*RECORDS TO USE*.
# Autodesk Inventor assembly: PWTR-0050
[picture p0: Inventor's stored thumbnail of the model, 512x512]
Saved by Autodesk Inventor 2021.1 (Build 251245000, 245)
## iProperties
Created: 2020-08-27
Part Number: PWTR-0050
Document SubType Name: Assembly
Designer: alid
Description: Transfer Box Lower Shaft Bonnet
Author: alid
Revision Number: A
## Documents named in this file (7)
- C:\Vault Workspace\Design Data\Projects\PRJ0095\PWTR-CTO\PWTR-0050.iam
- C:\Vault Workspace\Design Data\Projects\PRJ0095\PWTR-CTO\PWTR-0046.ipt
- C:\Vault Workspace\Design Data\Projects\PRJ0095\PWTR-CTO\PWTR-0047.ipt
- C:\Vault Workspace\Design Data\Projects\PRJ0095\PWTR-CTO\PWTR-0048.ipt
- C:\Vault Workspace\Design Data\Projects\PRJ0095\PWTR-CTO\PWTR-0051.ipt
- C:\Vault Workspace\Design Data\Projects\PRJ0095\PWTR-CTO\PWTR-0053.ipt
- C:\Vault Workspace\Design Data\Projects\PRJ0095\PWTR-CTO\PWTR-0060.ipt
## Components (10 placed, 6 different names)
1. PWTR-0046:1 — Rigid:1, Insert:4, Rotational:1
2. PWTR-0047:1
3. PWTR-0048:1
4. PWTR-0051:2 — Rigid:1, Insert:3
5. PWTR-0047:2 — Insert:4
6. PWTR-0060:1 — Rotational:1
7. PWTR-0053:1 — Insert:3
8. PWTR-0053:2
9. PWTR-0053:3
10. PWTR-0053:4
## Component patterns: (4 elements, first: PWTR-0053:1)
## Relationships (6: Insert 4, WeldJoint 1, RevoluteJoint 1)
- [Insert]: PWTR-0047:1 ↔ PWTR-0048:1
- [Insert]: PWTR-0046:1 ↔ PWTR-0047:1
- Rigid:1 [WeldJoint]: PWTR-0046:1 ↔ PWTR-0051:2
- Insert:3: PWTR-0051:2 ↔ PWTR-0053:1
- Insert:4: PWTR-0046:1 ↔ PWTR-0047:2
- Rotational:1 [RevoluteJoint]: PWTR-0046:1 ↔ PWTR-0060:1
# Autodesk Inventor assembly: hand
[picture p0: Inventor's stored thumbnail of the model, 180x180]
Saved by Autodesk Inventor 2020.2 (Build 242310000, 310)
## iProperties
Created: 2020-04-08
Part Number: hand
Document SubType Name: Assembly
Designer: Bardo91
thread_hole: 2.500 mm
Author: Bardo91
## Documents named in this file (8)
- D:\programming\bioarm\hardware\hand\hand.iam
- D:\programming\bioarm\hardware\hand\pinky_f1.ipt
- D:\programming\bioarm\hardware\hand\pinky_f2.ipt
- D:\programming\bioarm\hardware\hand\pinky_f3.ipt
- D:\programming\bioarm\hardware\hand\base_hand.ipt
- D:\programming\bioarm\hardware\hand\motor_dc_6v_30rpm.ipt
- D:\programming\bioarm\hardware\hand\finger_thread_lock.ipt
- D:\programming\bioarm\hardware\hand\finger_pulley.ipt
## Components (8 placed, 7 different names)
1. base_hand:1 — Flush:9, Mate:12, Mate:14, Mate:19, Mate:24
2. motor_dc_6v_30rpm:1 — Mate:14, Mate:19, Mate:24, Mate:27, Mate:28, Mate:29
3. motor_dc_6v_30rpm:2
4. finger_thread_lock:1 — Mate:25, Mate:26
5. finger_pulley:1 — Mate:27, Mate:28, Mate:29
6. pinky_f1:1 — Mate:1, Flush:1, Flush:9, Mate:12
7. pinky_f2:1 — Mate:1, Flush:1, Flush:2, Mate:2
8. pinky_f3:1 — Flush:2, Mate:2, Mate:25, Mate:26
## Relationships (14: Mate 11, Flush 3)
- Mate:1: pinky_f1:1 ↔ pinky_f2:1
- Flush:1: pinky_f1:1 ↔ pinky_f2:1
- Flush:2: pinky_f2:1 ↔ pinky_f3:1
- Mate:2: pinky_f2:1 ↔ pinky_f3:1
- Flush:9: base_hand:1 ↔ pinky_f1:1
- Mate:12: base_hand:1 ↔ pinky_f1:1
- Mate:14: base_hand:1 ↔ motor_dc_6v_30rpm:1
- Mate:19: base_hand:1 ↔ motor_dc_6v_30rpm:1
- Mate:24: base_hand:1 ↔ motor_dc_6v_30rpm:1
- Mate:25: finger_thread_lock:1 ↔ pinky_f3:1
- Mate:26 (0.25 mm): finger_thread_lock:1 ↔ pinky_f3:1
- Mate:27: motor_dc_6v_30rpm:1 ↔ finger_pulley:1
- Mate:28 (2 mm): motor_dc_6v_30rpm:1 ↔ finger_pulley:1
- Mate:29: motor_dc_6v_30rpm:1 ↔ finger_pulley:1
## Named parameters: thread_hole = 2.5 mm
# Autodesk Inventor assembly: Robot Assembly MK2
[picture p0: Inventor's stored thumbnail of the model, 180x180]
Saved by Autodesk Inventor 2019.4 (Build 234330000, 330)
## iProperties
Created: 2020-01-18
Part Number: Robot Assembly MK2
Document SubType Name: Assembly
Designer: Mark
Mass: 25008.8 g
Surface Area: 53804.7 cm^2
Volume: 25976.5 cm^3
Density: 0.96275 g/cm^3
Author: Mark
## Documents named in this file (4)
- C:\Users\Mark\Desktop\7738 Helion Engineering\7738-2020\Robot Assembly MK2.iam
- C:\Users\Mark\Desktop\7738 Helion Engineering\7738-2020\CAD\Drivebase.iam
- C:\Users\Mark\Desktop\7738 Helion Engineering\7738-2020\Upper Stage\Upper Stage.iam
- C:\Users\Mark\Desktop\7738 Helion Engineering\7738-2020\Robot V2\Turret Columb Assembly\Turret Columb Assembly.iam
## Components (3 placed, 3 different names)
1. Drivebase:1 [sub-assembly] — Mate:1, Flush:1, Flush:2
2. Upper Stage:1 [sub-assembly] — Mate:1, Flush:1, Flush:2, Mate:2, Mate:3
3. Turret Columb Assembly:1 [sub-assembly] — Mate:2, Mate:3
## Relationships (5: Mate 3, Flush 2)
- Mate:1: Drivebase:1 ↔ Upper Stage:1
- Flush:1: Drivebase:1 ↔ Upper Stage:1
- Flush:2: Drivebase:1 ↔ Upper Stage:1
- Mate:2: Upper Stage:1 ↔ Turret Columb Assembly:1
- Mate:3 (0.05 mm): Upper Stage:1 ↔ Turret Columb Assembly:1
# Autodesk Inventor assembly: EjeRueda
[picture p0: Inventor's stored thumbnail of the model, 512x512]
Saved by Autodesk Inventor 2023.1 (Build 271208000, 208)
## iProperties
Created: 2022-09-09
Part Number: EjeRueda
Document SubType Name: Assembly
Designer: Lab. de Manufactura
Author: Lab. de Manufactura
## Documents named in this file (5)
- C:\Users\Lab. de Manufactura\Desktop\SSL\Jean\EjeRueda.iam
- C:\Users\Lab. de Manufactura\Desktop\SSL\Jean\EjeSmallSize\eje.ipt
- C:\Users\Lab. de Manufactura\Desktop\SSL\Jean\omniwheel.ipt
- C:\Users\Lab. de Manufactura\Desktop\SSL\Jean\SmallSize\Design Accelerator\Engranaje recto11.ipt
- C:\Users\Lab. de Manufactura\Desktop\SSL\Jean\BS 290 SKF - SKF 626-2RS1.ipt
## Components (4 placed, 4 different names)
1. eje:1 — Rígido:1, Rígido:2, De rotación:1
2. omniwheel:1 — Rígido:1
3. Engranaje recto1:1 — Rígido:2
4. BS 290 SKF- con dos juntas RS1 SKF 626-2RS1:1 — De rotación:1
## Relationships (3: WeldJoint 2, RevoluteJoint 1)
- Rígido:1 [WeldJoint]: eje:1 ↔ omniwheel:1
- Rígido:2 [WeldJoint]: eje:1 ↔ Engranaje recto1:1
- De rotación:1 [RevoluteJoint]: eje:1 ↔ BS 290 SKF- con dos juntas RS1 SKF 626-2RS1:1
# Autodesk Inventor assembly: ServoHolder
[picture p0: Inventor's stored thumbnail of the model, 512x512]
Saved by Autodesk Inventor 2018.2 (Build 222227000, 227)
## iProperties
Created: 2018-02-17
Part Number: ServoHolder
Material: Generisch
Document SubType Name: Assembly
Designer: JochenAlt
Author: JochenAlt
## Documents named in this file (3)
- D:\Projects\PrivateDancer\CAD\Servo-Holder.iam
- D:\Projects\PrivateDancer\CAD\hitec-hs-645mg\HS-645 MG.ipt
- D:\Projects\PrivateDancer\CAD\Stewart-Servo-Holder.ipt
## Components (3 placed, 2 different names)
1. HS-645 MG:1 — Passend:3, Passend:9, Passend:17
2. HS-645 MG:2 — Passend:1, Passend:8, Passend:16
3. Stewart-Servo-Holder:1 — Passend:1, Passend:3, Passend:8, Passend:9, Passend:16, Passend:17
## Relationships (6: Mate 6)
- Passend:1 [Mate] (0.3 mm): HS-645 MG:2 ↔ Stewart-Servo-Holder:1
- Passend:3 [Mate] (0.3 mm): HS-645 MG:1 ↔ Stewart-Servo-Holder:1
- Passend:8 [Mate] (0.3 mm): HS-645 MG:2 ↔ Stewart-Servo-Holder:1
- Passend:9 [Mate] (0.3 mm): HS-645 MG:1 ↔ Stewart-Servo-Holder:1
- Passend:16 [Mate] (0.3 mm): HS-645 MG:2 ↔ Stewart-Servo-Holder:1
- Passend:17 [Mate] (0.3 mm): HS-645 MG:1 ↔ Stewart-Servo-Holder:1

*YOUR OBJECTIVE*. From the listing above, repeat exactly the lines starting at the line that includes "- C:\Users\Lab. de Manufactura\Desktop\SSL\Jean\SmallSize\Design" and ending at the line that includes "- Passend:1 [Mate]", with nothing outside that span.

*RESULT FOR THIS TASK*.
- C:\Users\Lab. de Manufactura\Desktop\SSL\Jean\SmallSize\Design Accelerator\Engranaje recto11.ipt
- C:\Users\Lab. de Manufactura\Desktop\SSL\Jean\BS 290 SKF - SKF 626-2RS1.ipt
## Components (4 placed, 4 different names)
1. eje:1 — Rígido:1, Rígido:2, De rotación:1
2. omniwheel:1 — Rígido:1
3. Engranaje recto1:1 — Rígido:2
4. BS 290 SKF- con dos juntas RS1 SKF 626-2RS1:1 — De rotación:1
## Relationships (3: WeldJoint 2, RevoluteJoint 1)
- Rígido:1 [WeldJoint]: eje:1 ↔ omniwheel:1
- Rígido:2 [WeldJoint]: eje:1 ↔ Engranaje recto1:1
- De rotación:1 [RevoluteJoint]: eje:1 ↔ BS 290 SKF- con dos juntas RS1 SKF 626-2RS1:1
# Autodesk Inventor assembly: ServoHolder
[picture p0: Inventor's stored thumbnail of the model, 512x512]
Saved by Autodesk Inventor 2018.2 (Build 222227000, 227)
## iProperties
Created: 2018-02-17
Part Number: ServoHolder
Material: Generisch
Document SubType Name: Assembly
Designer: JochenAlt
Author: JochenAlt
## Documents named in this file (3)
- D:\Projects\PrivateDancer\CAD\Servo-Holder.iam
- D:\Projects\PrivateDancer\CAD\hitec-hs-645mg\HS-645 MG.ipt
- D:\Projects\PrivateDancer\CAD\Stewart-Servo-Holder.ipt
## Components (3 placed, 2 different names)
1. HS-645 MG:1 — Passend:3, Passend:9, Passend:17
2. HS-645 MG:2 — Passend:1, Passend:8, Passend:16
3. Stewart-Servo-Holder:1 — Passend:1, Passend:3, Passend:8, Passend:9, Passend:16, Passend:17
## Relationships (6: Mate 6)
- Passend:1 [Mate] (0.3 mm): HS-645 MG:2 ↔ Stewart-Servo-Holder:1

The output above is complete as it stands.